The present invention is provided with a weight sensor for detecting the weight of the food placed on the pedestal on which the cooked material of the heating cooking chamber is placed, and outputting a signal of the level according to the weight, as is clear from the above description, and detecting at the weight sensor. In order to control the heating operation based on the signal, a fire for storing the above-described level of the detection signal from the weight sensor as reference data without placing the food on the base on which the above-mentioned object is placed. It is characterized by having a volatile memory, so that the reference value can be stored as a process by a microcomputer, and thus, unlike the variable resistor of the conventional reference value generating circuit, so-called zero point adjustment that does not require analog fine adjustment. Can be easily performed in a short time.

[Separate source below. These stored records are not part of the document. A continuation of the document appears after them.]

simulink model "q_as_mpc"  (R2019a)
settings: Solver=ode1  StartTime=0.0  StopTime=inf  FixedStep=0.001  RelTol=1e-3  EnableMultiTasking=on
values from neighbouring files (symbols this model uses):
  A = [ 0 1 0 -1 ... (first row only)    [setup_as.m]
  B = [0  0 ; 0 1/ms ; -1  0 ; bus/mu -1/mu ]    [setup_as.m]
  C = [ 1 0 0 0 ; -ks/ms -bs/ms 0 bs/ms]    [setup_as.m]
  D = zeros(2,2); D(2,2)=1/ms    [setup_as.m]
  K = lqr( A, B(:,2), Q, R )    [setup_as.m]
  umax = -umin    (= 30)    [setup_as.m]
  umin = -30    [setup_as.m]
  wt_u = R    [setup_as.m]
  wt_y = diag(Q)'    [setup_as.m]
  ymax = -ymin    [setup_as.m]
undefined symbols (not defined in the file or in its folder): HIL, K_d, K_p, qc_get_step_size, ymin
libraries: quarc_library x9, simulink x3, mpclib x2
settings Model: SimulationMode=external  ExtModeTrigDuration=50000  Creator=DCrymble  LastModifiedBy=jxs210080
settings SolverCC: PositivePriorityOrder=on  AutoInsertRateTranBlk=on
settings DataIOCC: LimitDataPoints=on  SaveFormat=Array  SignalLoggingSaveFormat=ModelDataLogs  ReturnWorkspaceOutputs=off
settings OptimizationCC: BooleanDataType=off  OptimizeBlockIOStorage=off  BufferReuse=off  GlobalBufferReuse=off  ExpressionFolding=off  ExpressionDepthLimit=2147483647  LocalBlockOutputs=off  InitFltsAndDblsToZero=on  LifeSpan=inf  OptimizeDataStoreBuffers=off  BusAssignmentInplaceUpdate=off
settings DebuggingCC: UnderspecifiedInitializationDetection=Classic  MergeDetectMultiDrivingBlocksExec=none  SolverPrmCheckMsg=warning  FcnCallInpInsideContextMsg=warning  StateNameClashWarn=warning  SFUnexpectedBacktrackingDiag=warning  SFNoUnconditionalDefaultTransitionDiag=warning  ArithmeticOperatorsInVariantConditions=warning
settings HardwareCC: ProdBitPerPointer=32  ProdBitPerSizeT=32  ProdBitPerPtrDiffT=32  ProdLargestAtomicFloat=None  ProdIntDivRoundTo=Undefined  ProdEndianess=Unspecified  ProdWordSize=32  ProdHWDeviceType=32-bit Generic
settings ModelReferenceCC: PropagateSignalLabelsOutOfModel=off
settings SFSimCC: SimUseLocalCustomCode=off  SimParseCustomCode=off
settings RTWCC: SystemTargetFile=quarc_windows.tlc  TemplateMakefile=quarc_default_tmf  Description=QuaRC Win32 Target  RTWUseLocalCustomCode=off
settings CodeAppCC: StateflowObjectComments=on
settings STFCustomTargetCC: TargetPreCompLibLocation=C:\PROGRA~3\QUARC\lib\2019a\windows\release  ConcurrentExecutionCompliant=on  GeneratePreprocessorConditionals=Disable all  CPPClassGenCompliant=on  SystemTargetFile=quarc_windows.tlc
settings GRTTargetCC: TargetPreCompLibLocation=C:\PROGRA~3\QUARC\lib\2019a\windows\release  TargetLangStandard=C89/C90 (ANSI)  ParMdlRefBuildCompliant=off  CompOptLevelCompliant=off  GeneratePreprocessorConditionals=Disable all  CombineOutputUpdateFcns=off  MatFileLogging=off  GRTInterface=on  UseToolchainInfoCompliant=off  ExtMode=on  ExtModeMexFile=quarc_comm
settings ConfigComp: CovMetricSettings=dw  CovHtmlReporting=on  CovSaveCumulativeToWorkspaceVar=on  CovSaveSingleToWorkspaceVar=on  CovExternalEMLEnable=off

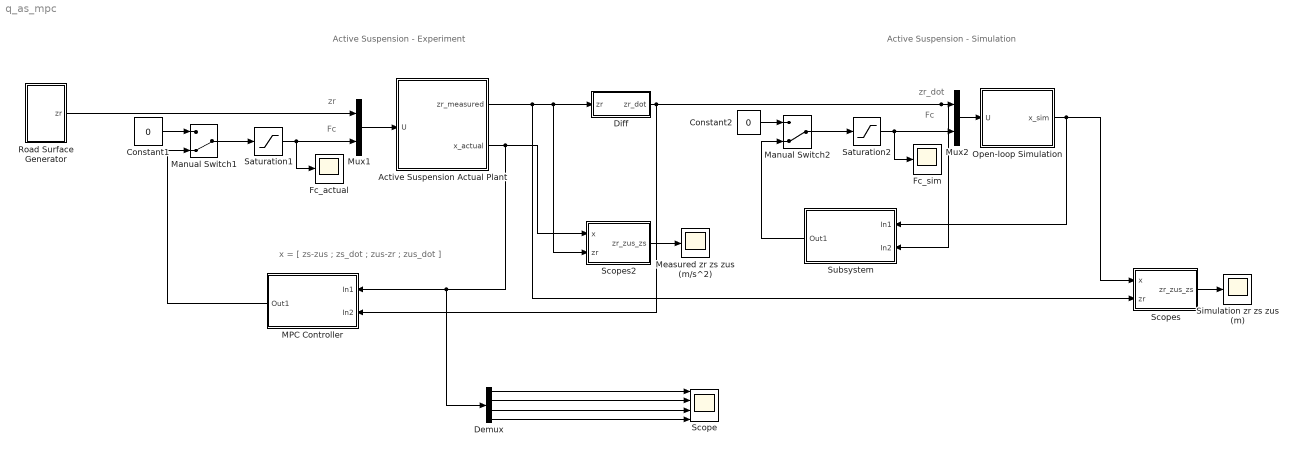
== system q_as_mpc ==
  note: Active Suspension - Experiment
  note: zr
  note: Fc
  note: zr_dot
  note: Fc
  note: x = [ zs-zus ; zs_dot ; zus-zr ; zus_dot ]
  note: Active Suspension - Simulation
  Active Suspension Actual Plant : Subsystem
  Constant1 : Constant  Value=0
  Constant2 : Constant  Value=0
  Demux : Demux
  Diff : Subsystem
  Fc_actual : Scope
  Fc_sim : Scope
  MPC Controller : Subsystem  VariantControl=Variant1
  Manual Switch1 : ManualSwitch  CurrentSetting=0
  Manual Switch2 : ManualSwitch  CurrentSetting=0
  Measured zr zs zus (m/s^2) : Scope
  Mux1 : Mux  Inputs=2
  Mux2 : Mux  Inputs=2
  Open-loop Simulation : Subsystem
  Road Surface Generator : Subsystem
  Saturation1 : Saturate  UpperLimit=38.3  LowerLimit=-38.3
  Saturation2 : Saturate  UpperLimit=39.2  LowerLimit=-39.2
  Scope : Scope  NumInputPorts=4
  Scopes : Subsystem
  Scopes2 : Subsystem
  Simulation zr zs zus (m) : Scope
  Subsystem : Subsystem  VariantControl=Variant1
  wires:
  Road Surface Generator/1(zr) -> Mux1/1
  Manual Switch1/1 -> Saturation1/1
  Mux1/1 -> Active Suspension Actual Plant/1(U)
  Constant1/1 -> Manual Switch1/1
  Saturation1/1 -> Fc_actual/1, Mux1/2
  Constant2/1 -> Manual Switch2/1
  Manual Switch2/1 -> Saturation2/1
  Mux2/1 -> Open-loop Simulation/1(U)
  Scopes2/1(zr_zus_zs) -> Measured zr zs zus (m/s^2)/1
  Scopes/1(zr_zus_zs) -> Simulation zr zs zus (m)/1
  Saturation2/1 -> Mux2/2, Fc_sim/1
  MPC Controller/1(Out1) -> Manual Switch1/2
  Active Suspension Actual Plant/1(zr_measured) -> Scopes/2(zr), Diff/1(zr), Scopes2/2(zr)
  Open-loop Simulation/1(x_sim) -> Subsystem/1(In1), Scopes/1(x)
  Diff/1(zr_dot) -> Subsystem/2(In2), Mux2/1, MPC Controller/2(In2)
  Subsystem/1(Out1) -> Manual Switch2/2
  Active Suspension Actual Plant/2(x_actual) -> Demux/1, MPC Controller/1(In1), Scopes2/1(x)
  Demux/1 -> Scope/1
  Demux/2 -> Scope/2
  Demux/3 -> Scope/3
  Demux/4 -> Scope/4

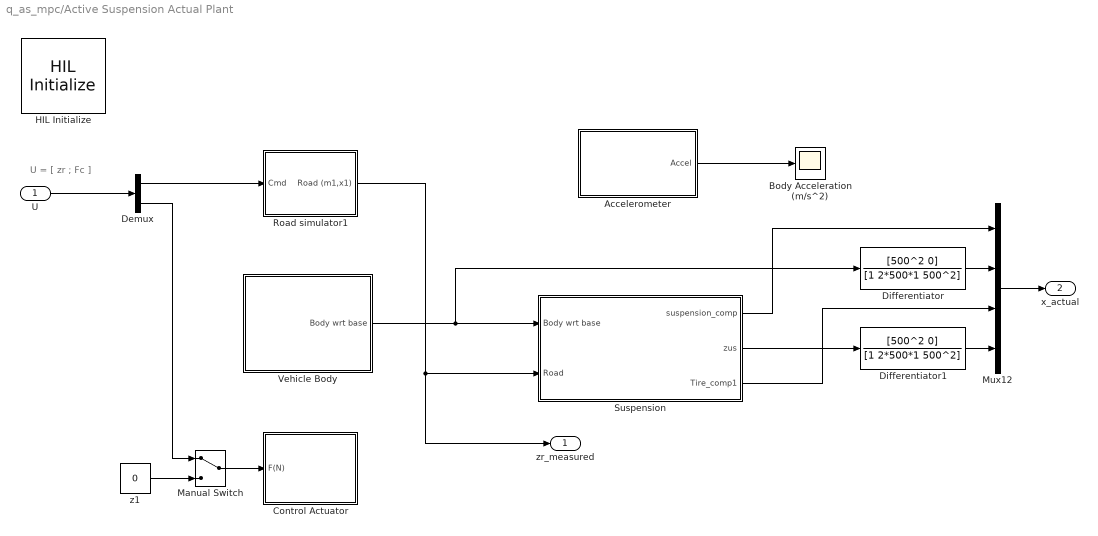
== system q_as_mpc/Active Suspension Actual Plant ==
  note: U = [ zr ; Fc ]
  U : Inport
  Accelerometer : Subsystem
  Body Acceleration (m/s^2) : Scope
  Control Actuator : Subsystem
  Demux : Demux  Outputs=2
  Differentiator : TransferFcn  Numerator=[500^2 0]  Denominator=[1 2*500*1 500^2]
  Differentiator1 : TransferFcn  Numerator=[500^2 0]  Denominator=[1 2*500*1 500^2]
  HIL Initialize : quarc_library/Data Acquisition/Generic/Configuration/HIL Initialize  Priority=-99  object_name=HIL-1  board_type=q8_usb  board_number=0  board_options=update_rate=normal;decimation=1  exclusive=off  active=off  hardware_clocks=[0:2]  clock_modes=[]  initial_clock_frequencies=[]  set_clock_params_at_start=off  set_clock_params_at_switch_in=off  set_clock_frequencies_at_start=off  set_clock_frequencies_at_switch_in=off  analog_input_channels=[0:7]  analog_input_configurations=[]  analog_input_maximums=10  analog_input_minimums=-10  set_analog_input_params_at_start=on  set_analog_input_params_at_switch_in=off  analog_output_channels=[0:7]  analog_output_maximums=10  analog_output_minimums=-10  initial_analog_outputs=[0]  final_analog_outputs=[0]  watchdog_analog_outputs=0  set_analog_output_params_at_start=on  set_analog_output_params_at_switch_in=off  set_analog_outputs_at_start=on  set_analog_outputs_at_switch_in=off  set_analog_outputs_at_terminate=on  set_analog_outputs_at_switch_out=off  set_analog_outputs_on_watchdog=off  digital_input_channels=[]  digital_output_channels=[0:4]  digital_output_configuration=[]  initial_digital_outputs=[0 0 0 0 1]  final_digital_outputs=[1 1 1 1 0]  watchdog_digital_outputs=1  set_digital_output_params_at_start=off  set_digital_output_params_at_switch_in=off  set_digital_outputs_at_start=on  set_digital_outputs_at_switch_in=off  set_digital_outputs_at_terminate=on  set_digital_outputs_at_switch_out=off  set_digital_outputs_on_watchdog=off  encoder_channels=[0:7]  quadrature=[4]  encoder_filter_frequency=[]  initial_encoder_counts=[0]  set_encoder_params_at_start=on  set_encoder_params_at_switch_in=off  set_encoder_counts_at_start=on  set_encoder_counts_at_switch_in=off  pwm_channels=[0:7]  pwm_modes=0  pwm_frequency=99.532799999999995e6/4095  pwm_configuration=[0]  pwm_alignment=[0]  pwm_polarity=[1]  pwm_leading_deadband=[0]  pwm_trailing_deadband=[0]  initial_pwm_outputs=[0]  final_pwm_outputs=[0]  watchdog_pwm_outputs=[0]  set_pwm_params_at_start=on  set_pwm_params_at_switch_in=off  set_pwm_outputs_at_start=on  set_pwm_outputs_at_switch_in=off  set_pwm_outputs_at_terminate=on  set_pwm_outputs_at_switch_out=off  set_pwm_outputs_on_watchdog=off  other_output_channels=[]  initial_other_outputs=[]  final_other_outputs=[]  watchdog_other_outputs=[]  set_other_outputs_at_start=off  set_other_outputs_at_switch_in=off  set_other_outputs_at_terminate=off  set_other_outputs_at_switch_out=off  set_other_outputs_on_watchdog=off
  Manual Switch : ManualSwitch
  Mux12 : Mux
  Road simulator1 : Subsystem
  Suspension : Subsystem
  Vehicle Body : Subsystem
  z1 : Constant  Value=0
  zr_measured : Outport
  x_actual : Outport  Port=2
  wires:
  Manual Switch/1 -> Control Actuator/1(F(N))
  z1/1 -> Manual Switch/2
  Suspension/1(suspension_comp) -> Mux12/1
  Vehicle Body/1(Body wrt base) -> Differentiator/1, Suspension/1("Body wrt base ")
  Differentiator/1 -> Mux12/2
  Differentiator1/1 -> Mux12/4
  Suspension/2(zus) -> Differentiator1/1
  Mux12/1 -> x_actual/1
  Suspension/3(Tire_comp1) -> Mux12/3
  U/1 -> Demux/1
  Road simulator1/1(Road (m1,x1)) -> zr_measured/1, Suspension/2(Road)
  Demux/1 -> Road simulator1/1(Cmd)
  Demux/2 -> Manual Switch/1
  Accelerometer/1(Accel) -> Body Acceleration (m/s^2)/1

== system q_as_mpc/Diff ==
  zr : Inport
  2nd Order Filter Input ICs3 : Subsystem
  Constant3 : Constant  Value=1000
  Terminator_1 : Terminator
  z4 : Constant
  zr_dot : Outport
  wires:
  Constant3/1 -> 2nd Order Filter Input ICs3/2(Wn)
  z4/1 -> 2nd Order Filter Input ICs3/3(z)
  zr/1 -> 2nd Order Filter Input ICs3/1(In)
  2nd Order Filter Input ICs3/2(Out_dot) -> zr_dot/1
  2nd Order Filter Input ICs3/1(Out) -> Terminator_1/1

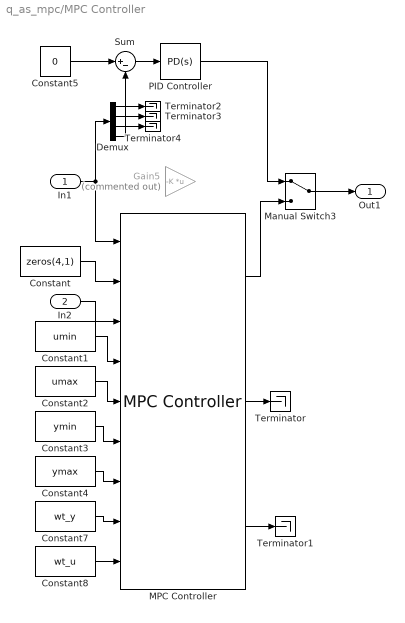
== system q_as_mpc/MPC Controller ==
  In1 : Inport
  In2 : Inport  Port=2
  Constant : Constant  Value=zeros(4,1)
  Constant1 : Constant  Value=umin
  Constant2 : Constant  Value=umax
  Constant3 : Constant  Value=ymin
  Constant4 : Constant  Value=ymax
  Constant5 : Constant  Value=0
  Constant7 : Constant  Value=wt_y
  Constant8 : Constant  Value=wt_u
  Demux : Demux
  Gain5 : Gain  Commented=on  Gain=-K  Multiplication=Matrix(K*u)
  MPC Controller : mpclib/MPC Controller  SCDEnableBlockLinearizationSpecification=on  mpcobj=ctr_mpc  is_multiple=0  enable_value=0  return_u0=off  updateMPCinCallerWorkspace=on  md_inport=on  mv_inport=off  uref_inport=off  return_cost=off  return_mvseq=on  return_qpstatus=off  return_xseq=off  return_state=off  return_ovseq=on  state_inport=off  umin_inport=on  umax_inport=on  ymin_inport=on  ymax_inport=on  cc_inport=off  ywt_inport=on  uwt_inport=on  duwt_inport=off  rhoeps_inport=off  pm_inport=off  MaximumP=100  HorizonChoice=FixedHorizon  n_ts=0.01  n_p=20  n_mv=1  n_md=1  n_ud=0  n_mo=4  n_uo=0  BlockDataType=double  SampleTimeInherited=off  switch_inport=off
      settings: SourceProductName=MATLAB Runtime - Model Predictive Control Toolbox Addin  SourceProductBaseCode=Missing
  Manual Switch3 : ManualSwitch
  PID Controller : simulink/Continuous/PID Controller  Controller=PD  Form=Parallel  TimeDomain=Continuous-time  SampleTime=-1  IntegratorMethod=Forward Euler  FilterMethod=Forward Euler  ControllerParametersSource=internal  P=K_p  I=1  D=K_d  UseFilter=on  N=100  TunerSelectOption=Transfer Function Based (PID Tuner App)  InitialConditionSource=internal  InitialConditionForIntegrator=0  InitialConditionForFilter=0  DifferentiatorICPrevScaledInput=0  ExternalReset=none  TrackingMode=off  Kt=1  LimitOutput=off  UpperSaturationLimit=inf  LowerSaturationLimit=-inf  LinearizeAsGain=on  AntiWindupMode=none  Kb=1  POutMin=[]  POutMax=[]  IOutMin=[]  IOutMax=[]  DOutMin=[]  DOutMax=[]  NOutMin=[]  NOutMax=[]  SumOutMin=[]  SumOutMax=[]  SaturationOutMin=[]  SaturationOutMax=[]  PParamMin=[]  PParamMax=[]  IParamMin=[]  IParamMax=[]  DParamMin=[]  DParamMax=[]  NParamMin=[]  NParamMax=[]  KbParamMin=[]  KbParamMax=[]  KtParamMin=[]  KtParamMax=[]  KbOutMin=[]  KbOutMax=[]  KtOutMin=[]  KtOutMax=[]  IntegratorOutMin=[]  IntegratorOutMax=[]  FilterOutMin=[]  FilterOutMax=[]  SumI1OutMin=[]  SumI1OutMax=[]  SumI2OutMin=[]  SumI2OutMax=[]  SumI3OutMin=[]  SumI3OutMax=[]  SumI4OutMin=[]  SumI4OutMax=[]  SumDOutMin=[]  SumDOutMax=[]  DifferentiatorOutMin=[]  DifferentiatorOutMax=[]  FilterDiffOutCoefMin=[]  FilterDiffOutCoefMax=[]  ReciprocalOutMin=[]  ReciprocalOutMax=[]  SumDenOutMin=[]  SumDenOutMax=[]  SumNumOutMin=[]  SumNumOutMax=[]  DivideOutMin=[]  DivideOutMax=[]  IntegratorContinuousStateAttributes=''  IntegratorStateMustResolveToSignalObject=off  IntegratorRTWStateStorageClass=Auto  FilterContinuousStateAttributes=''  FilterStateMustResolveToSignalObject=off  FilterRTWStateStorageClass=Auto  ParallelPVariant=InternalParameters  IdealPVariant=Disabled  IVariant=Disabled  DVariant=InternalParameters  IntegratorVariant=Disabled  SatVariant=Disabled  AWVariant=Disabled  PCopyVariant=Disabled  TRVariant=Disabled  FdbkBlocksVariant=Forward  IdealPFdbkVariant=Disabled  SatFdbkVariant=Disabled  DerivativeFilterVariant=ContFilter  NVariant=InternalParameters  NCopyVariant=Disabled  FilterICVariant=InternalICsFilter  IntegratorICVariant=Disabled  ExternalResetVariant=Disabled  TRSumVariant=Passthrough  SumFdbkVariant=Disabled  SumVariant=Sum_PD
  Sum : Sum  Inputs=|+-
  Terminator{,1..4} (5 alike) : Terminator
  Out1 : Outport
  wires:
  In2/1 -> MPC Controller/3
  Constant1/1 -> MPC Controller/4
  Manual Switch3/1 -> Out1/1
  Constant8/1 -> MPC Controller/9
  Constant7/1 -> MPC Controller/8
  Constant4/1 -> MPC Controller/7
  Constant3/1 -> MPC Controller/6
  Constant2/1 -> MPC Controller/5
  In1/1 -> Demux/1, MPC Controller/1
  Constant/1 -> MPC Controller/2
  MPC Controller/1 -> Manual Switch3/2
  MPC Controller/2 -> Terminator/1
  MPC Controller/3 -> Terminator1/1
  Constant5/1 -> Sum/1
  Sum/1 -> PID Controller/1
  Demux/4 -> Sum/2
  PID Controller/1 -> Manual Switch3/1
  Demux/1 -> Terminator2/1
  Demux/2 -> Terminator3/1
  Demux/3 -> Terminator4/1

== system q_as_mpc/Open-loop Simulation ==
  U : Inport
  Demux : Demux  Outputs=[4 2]
  Open-Loop State-Space : StateSpace  A=A  B=B  C=cat(1,eye(4), C)  D=cat(1,zeros(4,2),D)  InitialCondition=0
  Terminator : Terminator
  Unit Delay : UnitDelay  SampleTime=-1  HasFrameUpgradeWarning=on
  x_sim : Outport
  wires:
  Open-Loop State-Space/1 -> Demux/1
  Demux/1 -> Unit Delay/1
  U/1 -> Open-Loop State-Space/1
  Unit Delay/1 -> x_sim/1
  Demux/2 -> Terminator/1

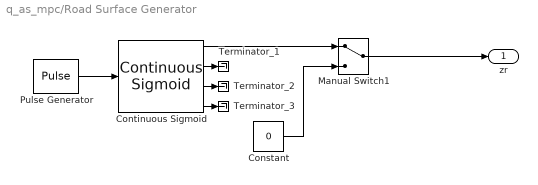
== system q_as_mpc/Road Surface Generator ==
  Constant : Constant  Value=0
  Continuous Sigmoid : quarc_library/Sources/Sigmoids/Continuous Sigmoid  params_source=Internal (dialog parameters)  max_velocity=.6/3  max_acceleration=20  initial_position=0  initial_velocity=0  hold_off=0.5  input_sample_time=-1  output_sample_time=qc_get_step_size
      settings: SourceProductName=QUARC Targets
  Manual Switch1 : ManualSwitch
  Pulse Generator : DiscretePulseGenerator  PulseType=Time based  Amplitude=0.02  Period=3  PulseWidth=50  PhaseDelay=.1
  Terminator_1 : Terminator
  Terminator_2 : Terminator
  Terminator_3 : Terminator
  zr : Outport
  wires:
  Pulse Generator/1 -> Continuous Sigmoid/1
  Constant/1 -> Manual Switch1/2
  Continuous Sigmoid/2 -> Terminator_1/1
  Continuous Sigmoid/3 -> Terminator_2/1
  Continuous Sigmoid/4 -> Terminator_3/1
  Manual Switch1/1 -> zr/1
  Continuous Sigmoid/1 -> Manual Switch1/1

In this case, if a device for reading and writing the level of the detection signal from the above-described weight sensor and writing to the above-described nonvolatile memory is provided, the zero point can be adjusted while the product is assembled or during manufacture. It can contribute to the improvement of sex.

Claims (6)

The heating cooking chamber 12, a pedestal 18 on which to place the cooked goods installed in the heating cooking chamber, and the weight of the food placed on the pedestal on which the cooked food is placed are detected through the pedestal, and the level is determined according to the weight. In a heating cooker having a weight sensor 28 for outputting a detection signal of the control unit and a control unit 26 for controlling heating cooking based on the detection signal, the food is placed on a pedestal 18 on which the above-mentioned cooking object is placed. And a nonvolatile memory (34, 38) for storing, as reference data, the level of the detection signal from the above-described weight sensor in the state of not being placed thereon. The writing apparatus (26a, 41, 42) according to claim 1, wherein the above-described control unit reads and writes the level of the detection signal from the above-described weight sensor 28, and writes it to the aforementioned nonvolatile memories 34,38. Heating cooker characterized in that it is provided with. The nonvolatile memory (38) according to any one of the preceding claims, wherein the nonvolatile memory (38) is provided on a substrate, and the substrate is integrally installed with the substrate (40) on which the aforementioned weight sensor (28) is disposed. Heat cooker characterized in that. In the zero calibration method of a heating cooker for detecting the weight of the cooked food placed on the base on which the cooking objects placed in the heating cooking chamber are placed, and determining the weight of the food by using the weight sensor. and the step (S2) is written by reading a detection signal Fout of the level according to the weight, the zero point correction method of the heating cooker, characterized in that a step (S ₄₎ for storing the level of the detection signal Fout as a reference data Fo . 5. The zero point correction method according to claim 4, wherein the above-mentioned storing step (S4) has a step (S7) of writing the reference data Fo in the nonvolatile memory. 5. The zero point correction method according to claim 4, further comprising a step (S5) of performing the step of reading and writing the above-described detection signal Fout and then displaying the reference data Fo.